Меч мертвых, стр. 73

– Тогда мне показалось, они ведали про мёртвый корабль ещё раньше, чем я у них появился. И ждали, пока его к ним приведут. Только те люди, что лодью вели, от сокровищ им малую толику посулили. А тут, Болдырь молвил, напоследок всё заберём…

– Напоследок? – немедля перебил Искра.

– Да… Уходить они с Сокольих Мхов думали. Стало им там почему-то опасно…

– А ещё бы!.. – сдавленно зарычала Крапива. – Куда ни шло, богатого купца пощипать! А вот за то, что батюшку и отроков его погубили, государь Рюрик их…

Её голос сорвался.

– И моего батюшку со товарищи… – хмуро добавил Звездочёт. – Горд князь наш Вадим и непотребство безнаказанным не оставит!

– Дурачьё вы, – сказал Страхиня. – Щенки.

Крапива и Искра разом повернулись к нему. Видно было, как у обоих перед глазами рассеивалось видение двух дружин, совокупно искореняющих Болдырево гнездо.

– Вы что, – продолжал жестокий варяг, – в самом деле считаете, это Болдырь проказил?

Трое юнцов, считавшие себя воинами, ошеломлённо молчали.

– А кому ещё?.. – спросил Искра воинственно, но полной уверенности в голосе не было.

– Видел я дозорного, умершего к сосне пригвождённым, – сказал Страхиня. – Двумя сулицами, и я в этом кое-что смыслю. Многие, кроме обученных воинов, сулицы с двух рук умеют метать?.. А на Суворовичей засаду изобрести и стрельцов так расставить, чтобы ни один от стрел не ушёл?..

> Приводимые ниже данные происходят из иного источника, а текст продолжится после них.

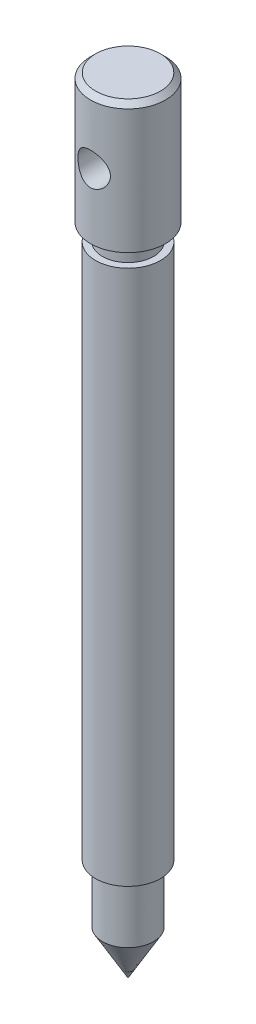
ISO-10303-21;
HEADER;
FILE_DESCRIPTION(('STEP AP214'),'2;1');
FILE_NAME('part.step','',(''),(''),'','','');
FILE_SCHEMA(('AUTOMOTIVE_DESIGN { 1 0 10303 214 1 1 1 1 }'));
ENDSEC;
DATA;
#1=APPLICATION_CONTEXT('core data for automotive mechanical design processes');
#2=APPLICATION_PROTOCOL_DEFINITION('international standard','automotive_design',2000,#1);
#3=PRODUCT_CONTEXT('',#1,'mechanical');
#4=PRODUCT('Part','Part','',(#3));
#5=PRODUCT_RELATED_PRODUCT_CATEGORY('part','',(#4));
#6=PRODUCT_DEFINITION_FORMATION('','',#4);
#7=PRODUCT_DEFINITION_CONTEXT('part definition',#1,'design');
#8=PRODUCT_DEFINITION('design','',#6,#7);
#9=PRODUCT_DEFINITION_SHAPE('','',#8);
#10=(LENGTH_UNIT() NAMED_UNIT(*) SI_UNIT(.MILLI.,.METRE.));
#11=(NAMED_UNIT(*) PLANE_ANGLE_UNIT() SI_UNIT($,.RADIAN.));
#12=(NAMED_UNIT(*) SI_UNIT($,.STERADIAN.) SOLID_ANGLE_UNIT());
#13=UNCERTAINTY_MEASURE_WITH_UNIT(LENGTH_MEASURE(1.E-05),#10,'distance_accuracy_value','');
#14=(GEOMETRIC_REPRESENTATION_CONTEXT(3) GLOBAL_UNCERTAINTY_ASSIGNED_CONTEXT((#13)) GLOBAL_UNIT_ASSIGNED_CONTEXT((#10,
#11,#12)) REPRESENTATION_CONTEXT('',''));
#15=CARTESIAN_POINT('',(0.,0.,0.));
#16=DIRECTION('',(0.,0.,1.));
#17=DIRECTION('',(1.,0.,0.));
#18=AXIS2_PLACEMENT_3D('',#15,#16,#17);
#19=CARTESIAN_POINT('',(0.,0.,0.));
#20=DIRECTION('',(0.,1.,0.));
#21=DIRECTION('',(0.,0.,1.));
#22=AXIS2_PLACEMENT_3D('',#19,#20,#21);
#23=CONICAL_SURFACE('',#22,0.,0.5235987755983);
#24=CARTESIAN_POINT('',(0.,12.9903810567665,0.));
#25=DIRECTION('',(0.,-1.,0.));
#26=DIRECTION('',(0.,0.,-1.));
#27=AXIS2_PLACEMENT_3D('',#24,#25,#26);
#28=CIRCLE('',#27,7.5);
#29=CARTESIAN_POINT('',(0.,12.9903810567665,-7.5));
#30=VERTEX_POINT('',#29);
#31=EDGE_CURVE('E116',#30,#30,#28,.T.);
#32=ORIENTED_EDGE('',*,*,#31,.T.);
#33=EDGE_LOOP('',(#32));
#34=FACE_BOUND('',#33,.T.);
#35=CARTESIAN_POINT('',(0.,0.,0.));
#36=VERTEX_POINT('',#35);
#37=VERTEX_LOOP('',#36);
#38=FACE_BOUND('',#37,.T.);
#39=ADVANCED_FACE('F40',(#34,#38),#23,.T.);
#40=CARTESIAN_POINT('',(0.,0.,0.));
#41=DIRECTION('',(0.,-1.,0.));
#42=DIRECTION('',(0.,0.,-1.));
#43=AXIS2_PLACEMENT_3D('',#40,#41,#42);
#44=CYLINDRICAL_SURFACE('',#43,7.5);
#45=CARTESIAN_POINT('',(0.,30.,0.));
#46=DIRECTION('',(0.,-1.,0.));
#47=DIRECTION('',(0.,0.,-1.));
#48=AXIS2_PLACEMENT_3D('',#45,#46,#47);
#49=CIRCLE('',#48,7.5);
#50=CARTESIAN_POINT('',(0.,30.,-7.5));
#51=VERTEX_POINT('',#50);
#52=EDGE_CURVE('E117',#51,#51,#49,.T.);
#53=ORIENTED_EDGE('',*,*,#52,.T.);
#54=EDGE_LOOP('',(#53));
#55=FACE_BOUND('',#54,.T.);
#56=ORIENTED_EDGE('',*,*,#31,.F.);
#57=EDGE_LOOP('',(#56));
#58=FACE_BOUND('',#57,.T.);
#59=ADVANCED_FACE('F51',(#55,#58),#44,.T.);
#60=CARTESIAN_POINT('',(7.5,30.,0.));
#61=DIRECTION('',(0.,-1.,0.));
#62=DIRECTION('',(0.,0.,-1.));
#63=AXIS2_PLACEMENT_3D('',#60,#61,#62);
#64=PLANE('',#63);
#65=CARTESIAN_POINT('',(0.,30.,0.));
#66=DIRECTION('',(0.,-1.,0.));
#67=DIRECTION('',(0.,0.,-1.));
#68=AXIS2_PLACEMENT_3D('',#65,#66,#67);
#69=CIRCLE('',#68,9.525);
#70=CARTESIAN_POINT('',(0.,30.,-9.525));
#71=VERTEX_POINT('',#70);
#72=EDGE_CURVE('E120',#71,#71,#69,.T.);
#73=ORIENTED_EDGE('',*,*,#72,.T.);
#74=EDGE_LOOP('',(#73));
#75=FACE_BOUND('',#74,.T.);
#76=ORIENTED_EDGE('',*,*,#52,.F.);
#77=EDGE_LOOP('',(#76));
#78=FACE_BOUND('',#77,.T.);
#79=ADVANCED_FACE('F56',(#75,#78),#64,.T.);
#80=CARTESIAN_POINT('',(0.,0.,0.));
#81=DIRECTION('',(0.,-1.,0.));
#82=DIRECTION('',(0.,0.,-1.));
#83=AXIS2_PLACEMENT_3D('',#80,#81,#82);
#84=CYLINDRICAL_SURFACE('',#83,9.525);
#85=CARTESIAN_POINT('',(0.,187.,0.));
#86=DIRECTION('',(0.,-1.,0.));
#87=DIRECTION('',(0.,0.,-1.));
#88=AXIS2_PLACEMENT_3D('',#85,#86,#87);
#89=CIRCLE('',#88,9.525);
#90=CARTESIAN_POINT('',(0.,187.,-9.525));
#91=VERTEX_POINT('',#90);
#92=EDGE_CURVE('E125',#91,#91,#89,.T.);
#93=ORIENTED_EDGE('',*,*,#92,.T.);
#94=EDGE_LOOP('',(#93));
#95=FACE_BOUND('',#94,.T.);
#96=ORIENTED_EDGE('',*,*,#72,.F.);
#97=EDGE_LOOP('',(#96));
#98=FACE_BOUND('',#97,.T.);
#99=ADVANCED_FACE('F63',(#95,#98),#84,.T.);
#100=CARTESIAN_POINT('',(9.525,187.,0.));
#101=DIRECTION('',(0.,1.,0.));
#102=DIRECTION('',(0.,0.,1.));
#103=AXIS2_PLACEMENT_3D('',#100,#101,#102);
#104=PLANE('',#103);
#105=CARTESIAN_POINT('',(0.,187.,0.));
#106=DIRECTION('',(0.,-1.,0.));
#107=DIRECTION('',(0.,0.,-1.));
#108=AXIS2_PLACEMENT_3D('',#105,#106,#107);
#109=CIRCLE('',#108,7.5);
#110=CARTESIAN_POINT('',(0.,187.,-7.5));
#111=VERTEX_POINT('',#110);
#112=EDGE_CURVE('E128',#111,#111,#109,.T.);
#113=ORIENTED_EDGE('',*,*,#112,.T.);
#114=EDGE_LOOP('',(#113));
#115=FACE_BOUND('',#114,.T.);
#116=ORIENTED_EDGE('',*,*,#92,.F.);
#117=EDGE_LOOP('',(#116));
#118=FACE_BOUND('',#117,.T.);
#119=ADVANCED_FACE('F67',(#115,#118),#104,.T.);
#120=CARTESIAN_POINT('',(0.,0.,0.));
#121=DIRECTION('',(0.,-1.,0.));
#122=DIRECTION('',(0.,0.,-1.));
#123=AXIS2_PLACEMENT_3D('',#120,#121,#122);
#124=CYLINDRICAL_SURFACE('',#123,7.5);
#125=CARTESIAN_POINT('',(0.,192.,0.));
#126=DIRECTION('',(0.,-1.,0.));
#127=DIRECTION('',(0.,0.,-1.));
#128=AXIS2_PLACEMENT_3D('',#125,#126,#127);
#129=CIRCLE('',#128,7.5);
#130=CARTESIAN_POINT('',(0.,192.,-7.5));
#131=VERTEX_POINT('',#130);
#132=EDGE_CURVE('E131',#131,#131,#129,.T.);
#133=ORIENTED_EDGE('',*,*,#132,.T.);
#134=EDGE_LOOP('',(#133));
#135=FACE_BOUND('',#134,.T.);
#136=ORIENTED_EDGE('',*,*,#112,.F.);
#137=EDGE_LOOP('',(#136));
#138=FACE_BOUND('',#137,.T.);
#139=ADVANCED_FACE('F71',(#135,#138),#124,.T.);
#140=CARTESIAN_POINT('',(7.5,192.,0.));
#141=DIRECTION('',(0.,-1.,0.));
#142=DIRECTION('',(0.,0.,-1.));
#143=AXIS2_PLACEMENT_3D('',#140,#141,#142);
#144=PLANE('',#143);
#145=CARTESIAN_POINT('',(0.,192.,0.));
#146=DIRECTION('',(0.,-1.,0.));
#147=DIRECTION('',(0.,0.,-1.));
#148=AXIS2_PLACEMENT_3D('',#145,#146,#147);
#149=CIRCLE('',#148,11.);
#150=CARTESIAN_POINT('',(0.,192.,-11.));
#151=VERTEX_POINT('',#150);
#152=EDGE_CURVE('E134',#151,#151,#149,.T.);
#153=ORIENTED_EDGE('',*,*,#152,.T.);
#154=EDGE_LOOP('',(#153));
#155=FACE_BOUND('',#154,.T.);
#156=ORIENTED_EDGE('',*,*,#132,.F.);
#157=EDGE_LOOP('',(#156));
#158=FACE_BOUND('',#157,.T.);
#159=ADVANCED_FACE('F75',(#155,#158),#144,.T.);
#160=CARTESIAN_POINT('',(0.,0.,0.));
#161=DIRECTION('',(0.,-1.,0.));
#162=DIRECTION('',(0.,0.,-1.));
#163=AXIS2_PLACEMENT_3D('',#160,#161,#162);
#164=CYLINDRICAL_SURFACE('',#163,11.);
#165=CARTESIAN_POINT('',(0.,228.5,0.));
#166=DIRECTION('',(0.,1.,0.));
#167=DIRECTION('',(0.,0.,1.));
#168=AXIS2_PLACEMENT_3D('',#165,#166,#167);
#169=CIRCLE('',#168,11.);
#170=CARTESIAN_POINT('',(0.,228.5,11.));
#171=VERTEX_POINT('',#170);
#172=EDGE_CURVE('E47',#171,#171,#169,.F.);
#173=ORIENTED_EDGE('',*,*,#172,.T.);
#174=EDGE_LOOP('',(#173));
#175=FACE_BOUND('',#174,.T.);
#176=CARTESIAN_POINT('',(0.,215.7625,-11.));
#177=CARTESIAN_POINT('',(0.127169608569886,215.76249906358,-10.9999992315258));
#178=CARTESIAN_POINT('',(0.254376099032909,215.757399640568,-10.9977887979623));
#179=CARTESIAN_POINT('',(0.507877519838304,215.737051077353,-10.9890019964665));
#180=CARTESIAN_POINT('',(0.634171860265323,215.721795875995,-10.9824230213147));
#181=CARTESIAN_POINT('',(0.885103951344808,215.68125820564,-10.9650552186148));
#182=CARTESIAN_POINT('',(1.00973798351956,215.655956204877,-10.9542581915066));
#183=CARTESIAN_POINT('',(1.25625104019601,215.595579816268,-10.9287327775452));
#184=CARTESIAN_POINT('',(1.37812891647932,215.5605014338,-10.9140027837875));
#185=CARTESIAN_POINT('',(1.6177993403371,215.481071392477,-10.8810520259155));
#186=CARTESIAN_POINT('',(1.73560608359136,215.436756788804,-10.8628452342524));
#187=CARTESIAN_POINT('',(1.9669295951166,215.339167924001,-10.8233538234563));
#188=CARTESIAN_POINT('',(2.08044473804369,215.285890309156,-10.8020680526726));
#189=CARTESIAN_POINT('',(2.41339731451278,215.1133055029,-10.7343665482442));
#190=CARTESIAN_POINT('',(2.62555202215799,214.981142674763,-10.6840619916617));
#191=CARTESIAN_POINT('',(3.03538555572489,214.679116500169,-10.5751454503608));
#192=CARTESIAN_POINT('',(3.23185415570827,214.507729115361,-10.5162479987283));
#193=CARTESIAN_POINT('',(3.59441438843805,214.135137936174,-10.3979112663786));
#194=CARTESIAN_POINT('',(3.76048882190558,213.933917375819,-10.3384716987399));
#195=CARTESIAN_POINT('',(3.98773192471391,213.607360031775,-10.2520765225787));
#196=CARTESIAN_POINT('',(4.06139965464039,213.491073806929,-10.2230387460115));
#197=CARTESIAN_POINT('',(4.19860595213083,213.252124733832,-10.1674567699124));
#198=CARTESIAN_POINT('',(4.26214873500453,213.129464567592,-10.1409115345635));
#199=CARTESIAN_POINT('',(4.37855231030782,212.878516276464,-10.0911987226593));
#200=CARTESIAN_POINT('',(4.43141288364232,212.750228036208,-10.0680312153849));
#201=CARTESIAN_POINT('',(4.52588798261691,212.488967265612,-10.0259171570631));
#202=CARTESIAN_POINT('',(4.56750844356246,212.355997249567,-10.006968379261));
#203=CARTESIAN_POINT('',(4.63724136886323,212.093136288234,-9.97483796269579));
#204=CARTESIAN_POINT('',(4.66592847277802,211.963427434568,-9.96141397564219));
#205=CARTESIAN_POINT('',(4.71239388300809,211.701713639886,-9.93951740448613));
#206=CARTESIAN_POINT('',(4.73017735239497,211.569709816078,-9.93104247700348));
#207=CARTESIAN_POINT('',(4.75462155816268,211.304483885469,-9.91936279910202));
#208=CARTESIAN_POINT('',(4.76128573347991,211.171262168154,-9.91615641924989));
#209=CARTESIAN_POINT('',(4.76341126030826,210.904712675175,-9.91513570160027));
#210=CARTESIAN_POINT('',(4.75887327481019,210.771384906253,-9.91732104469803));
#211=CARTESIAN_POINT('',(4.73951259242362,210.516985738606,-9.92658652977835));
#212=CARTESIAN_POINT('',(4.7255894914725,210.395828940204,-9.93323834547099));
#213=CARTESIAN_POINT('',(4.68855464390079,210.155200666476,-9.95077257291799));
#214=CARTESIAN_POINT('',(4.66543991329525,210.035729751513,-9.96165635852017));
#215=CARTESIAN_POINT('',(4.61026155033725,209.799325131379,-9.98731259624197));
#216=CARTESIAN_POINT('',(4.57819982754518,209.682390890538,-10.0020842185408));
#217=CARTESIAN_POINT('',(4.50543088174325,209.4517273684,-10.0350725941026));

У костра сделалось тихо. Десятка два чьих-то гридней, тайно шастающих по болотам, – это не обычный разбой. Это значит, что кто-то надумал вконец рассорить двоих великих князей. Да ещё втравить в их свару Рагнара Лодброка, ведь селундский конунг навряд ли оставит смерть сына неотомщённой…

Искра нахохлился и долго молчал, не зная ответа. Что касается Харальда, он о чём-либо думать даже и не пытался: болело под повязкой сломанное ребро, голову стягивал обруч… И только Крапива легко отрешилась от новой загадки, таимой, как выяснилось, страшными Сокольими Мхами.

– Болдырь, не Болдырь, а лодью ждали у них! – упрямо сказала она. – Чем впусте гадать, его и расспросим!

Страхиня не стал вслух обзывать её дурой, но взгляд тому соответствовал. И как, мол, лихую ватагу воевать собралась? Двое хромоногих да третий увечный, да мы с тобой. Силища!

Крапива всё поняла; к скулам жарко прилила кровь, но упрямая решимость нисколько не поколебалась. Может, и дура, но вот сказала – и выполню! Одна пойду! Болдыря на узкой тропке подкараулю!..

– Можно и не Болдыря, – сказал вдруг ижор, и все повернулись к нему. До сих пор Тойветту не посягал давать поучения воинам, предпочитая говорить лишь про то, чему судьба довела быть видоком. Однако обстоятельный разум ижора пребывал не в праздности и наконец родил толковую мысль. – У разбойного кунингаса есть женщина, – продолжал Тойветту. – Она живёт не там, где все его люди. Я знаю, как выйти туда.

Крапива нахмурилась:

– Глупая баба может ничего не знать о корабле…

– Может и не знать, – кивнул Искра. – Но если у нас будет женщина Болдыря, разговор с ним самим пойдёт по-другому… Ты молодец, Тойветту. Это хорошо, что мы тебя встретили.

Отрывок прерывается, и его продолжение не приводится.